Being part of APSP has also allowed Conley to do even more for the people of his community. Members decided they wanted to help people who needed a pool for therapy, especially those who give of themselves every day for others — like war veterans, firefighters and police officers.

Conley resigned his post as president in January 2014 so he could found and head up Dive Into Recovery, the charity organization sponsored by the North Texas APSP chapter. Working with the Plano, Texas, VFW post, the organization helped its first local hero, Sgt. Mario Torres, this past summer.

Sgt. Torres joined the Army in 2004, and sustained physical and mental injuries while serving in Kuwait and Iraq. He was admitted to a Wounded War Unit in 2008 and received an honorable discharge with a medical retirement in January 2010. Dive Into Recovery learned about Torres’ water-therapy needs, and had a pool and spa designed specifically for him. It was constructed under the direction of an APSP Certified Building Professional.

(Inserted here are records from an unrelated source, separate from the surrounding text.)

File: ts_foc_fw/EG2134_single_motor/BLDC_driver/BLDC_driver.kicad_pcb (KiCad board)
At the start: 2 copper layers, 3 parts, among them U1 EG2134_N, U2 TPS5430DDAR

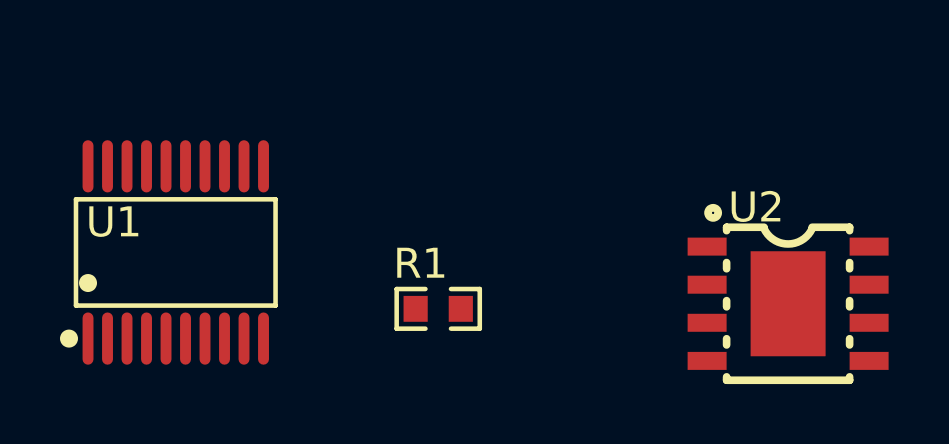
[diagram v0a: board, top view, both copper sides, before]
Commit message: add the cap c0603
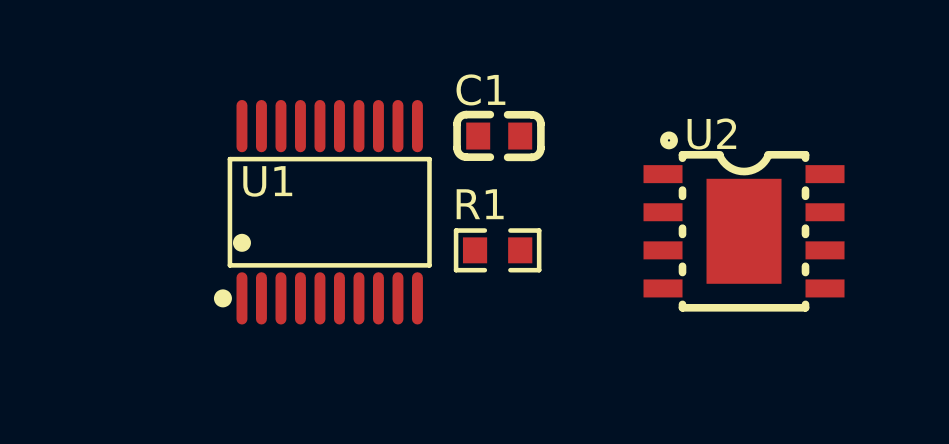
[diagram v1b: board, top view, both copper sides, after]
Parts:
- added C1: 100nf, BLDC_Drive_Tsfoc:C0603, F.Cu at (37.4, 16.5)
- R1: value res -> 10k
- moved U1 5.30 mm to (31.8, 19.1)
- moved U2 2.83 mm to (45.6, 19.7)
- moved R1 2.78 mm to (37.3, 20.3)

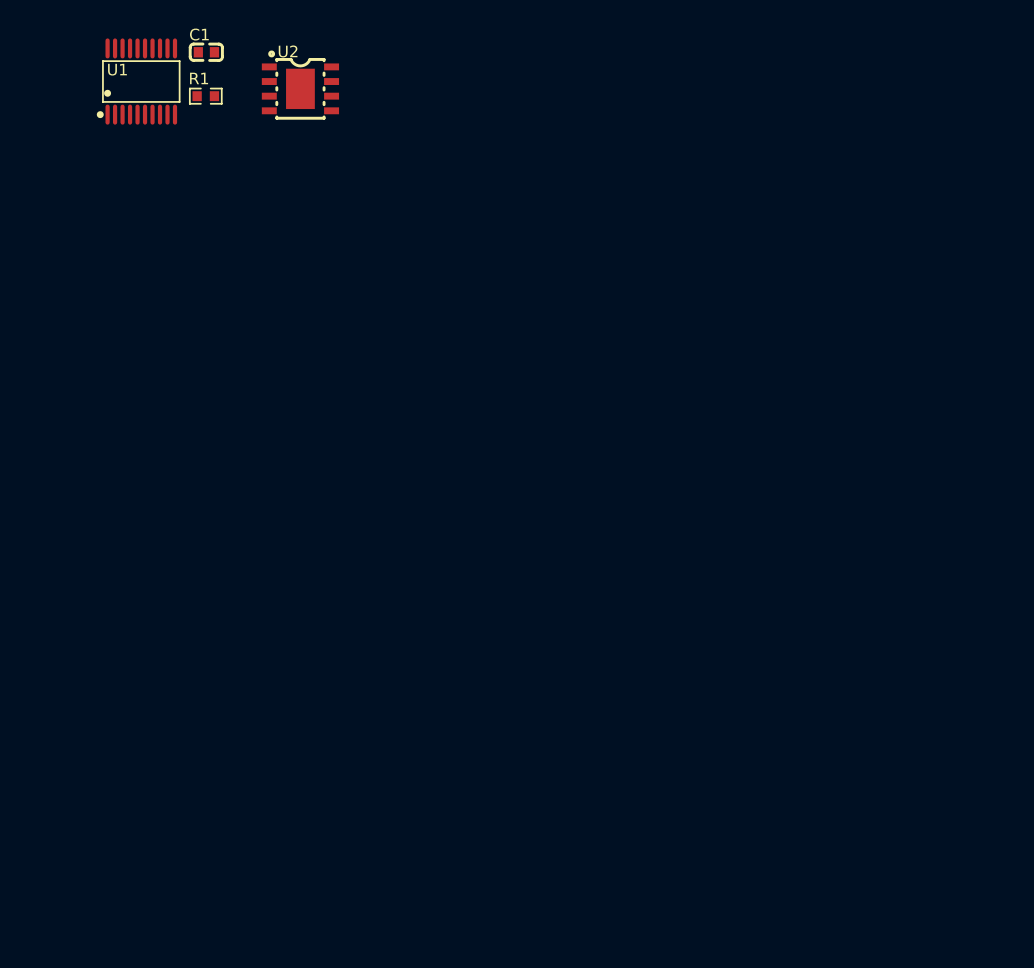
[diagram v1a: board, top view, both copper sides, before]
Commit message: 原理图移植完成,PCB还没有布局
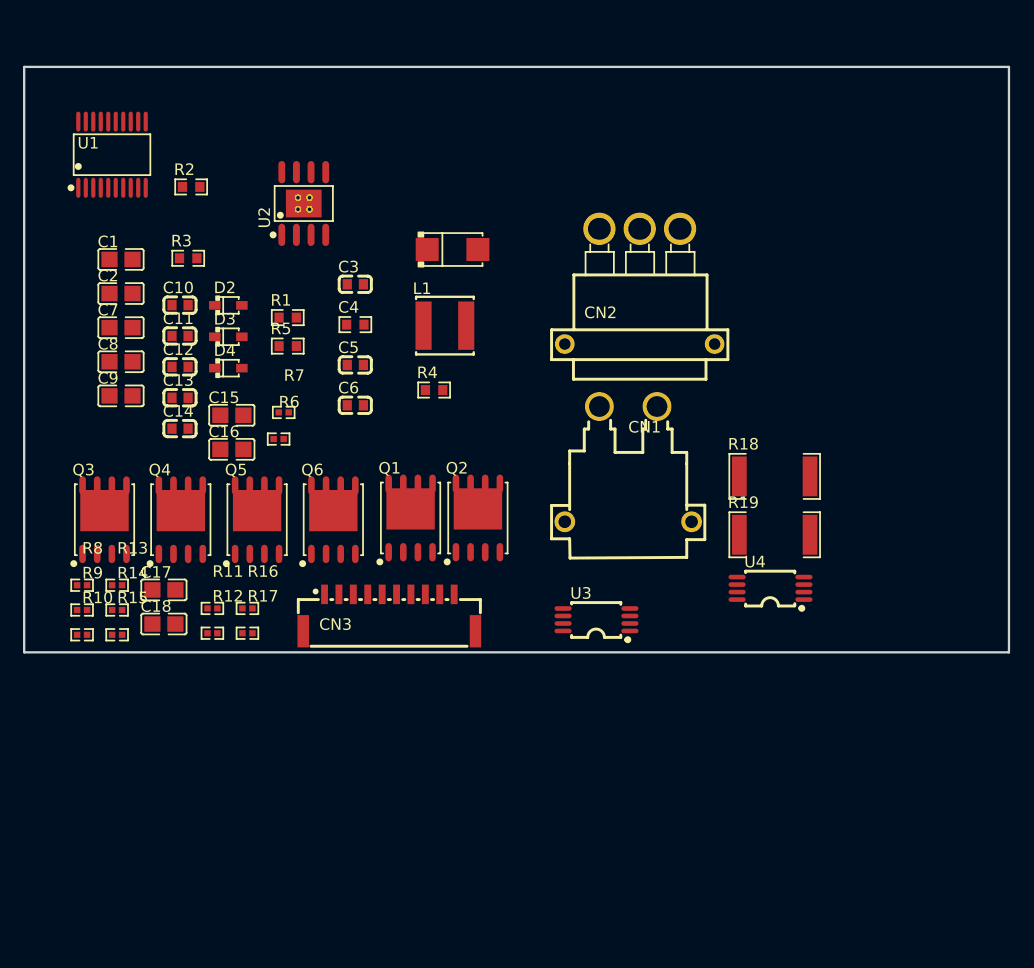
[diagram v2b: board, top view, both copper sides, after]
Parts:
- added C10: 1uf, BLDC_Drive_Tsfoc:C0603, F.Cu at (35.1, 38.5)
- added C11: 100nf, BLDC_Drive_Tsfoc:C0603, F.Cu at (35.1, 41.1)
- added C12: 100nf, BLDC_Drive_Tsfoc:C0603, F.Cu at (35.1, 43.8)
- added C13: 100nf, BLDC_Drive_Tsfoc:C0603, F.Cu at (35.1, 46.5)
- added C14: 100nf, BLDC_Drive_Tsfoc:C0603, F.Cu at (35.1, 49.2)
- added C15: 10uf, BLDC_Drive_Tsfoc:C0805, F.Cu at (39.6, 48.0)
- added C16: 10uf, BLDC_Drive_Tsfoc:C0805, F.Cu at (39.6, 51.0)
- added C17: 10uf, BLDC_Drive_Tsfoc:C0805, F.Cu at (33.7, 63.2)
- added C18: 10uf, BLDC_Drive_Tsfoc:C0805, F.Cu at (33.7, 66.1)
- added C2: 4.7uf, BLDC_Drive_Tsfoc:C0805, F.Cu at (30.0, 37.4)
- added C3: 100nf, BLDC_Drive_Tsfoc:C0603, F.Cu at (50.3, 36.6)
- added C4: 8.2nf, BLDC_Drive_Tsfoc:R0603, F.Cu at (50.3, 40.1)
- added C5: 1.2nf, BLDC_Drive_Tsfoc:C0603, F.Cu at (50.3, 43.6)
- added C6: 10pf, BLDC_Drive_Tsfoc:C0603, F.Cu at (50.3, 47.1)
- added C7: 100nf, BLDC_Drive_Tsfoc:C0805, F.Cu at (30.0, 40.4)
- added C8: 10uf, BLDC_Drive_Tsfoc:C0805, F.Cu at (30.0, 43.4)
- added C9: 10uf, BLDC_Drive_Tsfoc:C0805, F.Cu at (30.0, 46.3)
- added CN1: XT30PW-M, BLDC_Drive_Tsfoc:XT30PW-M30.G.Y, F.Cu at (74.0, 52.2)
- added CN2: MR30PW-M30.G.Y, BLDC_Drive_Tsfoc:MR30PW-M30.G.Y, F.Cu at (75.0, 36.8)
- added CN3: WAFER-GH1.25-10PWB, BLDC_Drive_Tsfoc:WAFER-GH1.25-10PWB, F.Cu at (53.3, 65.2)
- added D1: SS34, BLDC_Drive_Tsfoc:ss34, F.Cu at (58.8, 33.6)
- added D2: 1N5819WS, BLDC_Drive_Tsfoc:1N5819WS, F.Cu at (39.3, 38.5)
- added D3: 1N5819WS, BLDC_Drive_Tsfoc:1N5819WS, F.Cu at (39.3, 41.2)
- added D4: 1N5819WS, BLDC_Drive_Tsfoc:1N5819WS, F.Cu at (39.3, 43.9)
- added L1: SWPA5040S6R8M, BLDC_Drive_Tsfoc:SWPA5040S6R8MT, F.Cu at (58.1, 40.2)
- added Q1: RU3089M-C, BLDC_Drive_Tsfoc:RU3089M-C, F.Cu at (55.1, 56.9)
- added Q2: RU3089M-C, BLDC_Drive_Tsfoc:RU3089M-C, F.Cu at (61.0, 56.9)
- added Q3: RU3089M-C, BLDC_Drive_Tsfoc:RU3089M-C, F.Cu at (28.6, 57.1)
- added Q4: RU3089M-C, BLDC_Drive_Tsfoc:RU3089M-C, F.Cu at (35.2, 57.1)
- added Q5: RU3089M-C, BLDC_Drive_Tsfoc:RU3089M-C, F.Cu at (41.8, 57.1)
- added Q6: RU3089M-C, BLDC_Drive_Tsfoc:RU3089M-C, F.Cu at (48.4, 57.1)
- added R10: 10k, BLDC_Drive_Tsfoc:R0402, F.Cu at (26.6, 67.1)
- added R11: 2.2, BLDC_Drive_Tsfoc:R0402, F.Cu at (37.9, 64.8)
- added R12: 10k, BLDC_Drive_Tsfoc:R0402, F.Cu at (37.9, 66.9)
- added R13: 2.2, BLDC_Drive_Tsfoc:R0402, F.Cu at (29.7, 62.8)
- added R14: 10k, BLDC_Drive_Tsfoc:R0402, F.Cu at (29.7, 64.9)
- added R15: 2.2, BLDC_Drive_Tsfoc:R0402, F.Cu at (29.7, 67.1)
- added R16: 10k, BLDC_Drive_Tsfoc:R0402, F.Cu at (41.0, 64.8)
- added R17: 2.2, BLDC_Drive_Tsfoc:R0402, F.Cu at (41.0, 66.9)
- added R18: res_10r, BLDC_Drive_Tsfoc:R2512, F.Cu at (86.7, 53.3)
- added R19: res_10r, BLDC_Drive_Tsfoc:R2512, F.Cu at (86.7, 58.4)
- added R2: 330k, BLDC_Drive_Tsfoc:R0603, F.Cu at (36.1, 28.2)
- added R3: 68k, BLDC_Drive_Tsfoc:R0603, F.Cu at (35.8, 34.4)
- added R4: 30k, BLDC_Drive_Tsfoc:R0603, F.Cu at (57.2, 45.8)
- added R5: 1.87k, BLDC_Drive_Tsfoc:R0603, F.Cu at (44.5, 42.0)
- added R6: 2.2, BLDC_Drive_Tsfoc:R0402, F.Cu at (43.7, 50.1)
- added R7: 10k, BLDC_Drive_Tsfoc:R0402, F.Cu at (44.1, 47.8)
- added R8: 2.2, BLDC_Drive_Tsfoc:R0402, F.Cu at (26.6, 62.8)
- added R9: 10k, BLDC_Drive_Tsfoc:R0402, F.Cu at (26.6, 64.9)
- added U3: INA240A2PW, BLDC_Drive_Tsfoc:INA240A2PW, F.Cu at (71.2, 65.8)
- added U4: INA240A2PW, BLDC_Drive_Tsfoc:INA240A2PW, F.Cu at (86.3, 63.0)
- C1: value 100nf -> 4.7uf; footprint BLDC_Drive_Tsfoc:C0603 -> BLDC_Drive_Tsfoc:C0805
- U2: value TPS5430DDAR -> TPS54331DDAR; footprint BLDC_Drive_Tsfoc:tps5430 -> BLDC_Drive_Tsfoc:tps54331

“No one member can go out and build a pool like this on their own,” Conley says. “But as a group, we can make that happen.”

Conley is proud to use his expertise and his involvement in APSP to make his community a better one. You won’t see the Miracle Pool Service name associated with the Dive Into Recovery project, however.

“We’re not using this as a promotion,” Conley says. “I’ve always felt that those who can give back should do so — whether it’s a little or a lot.”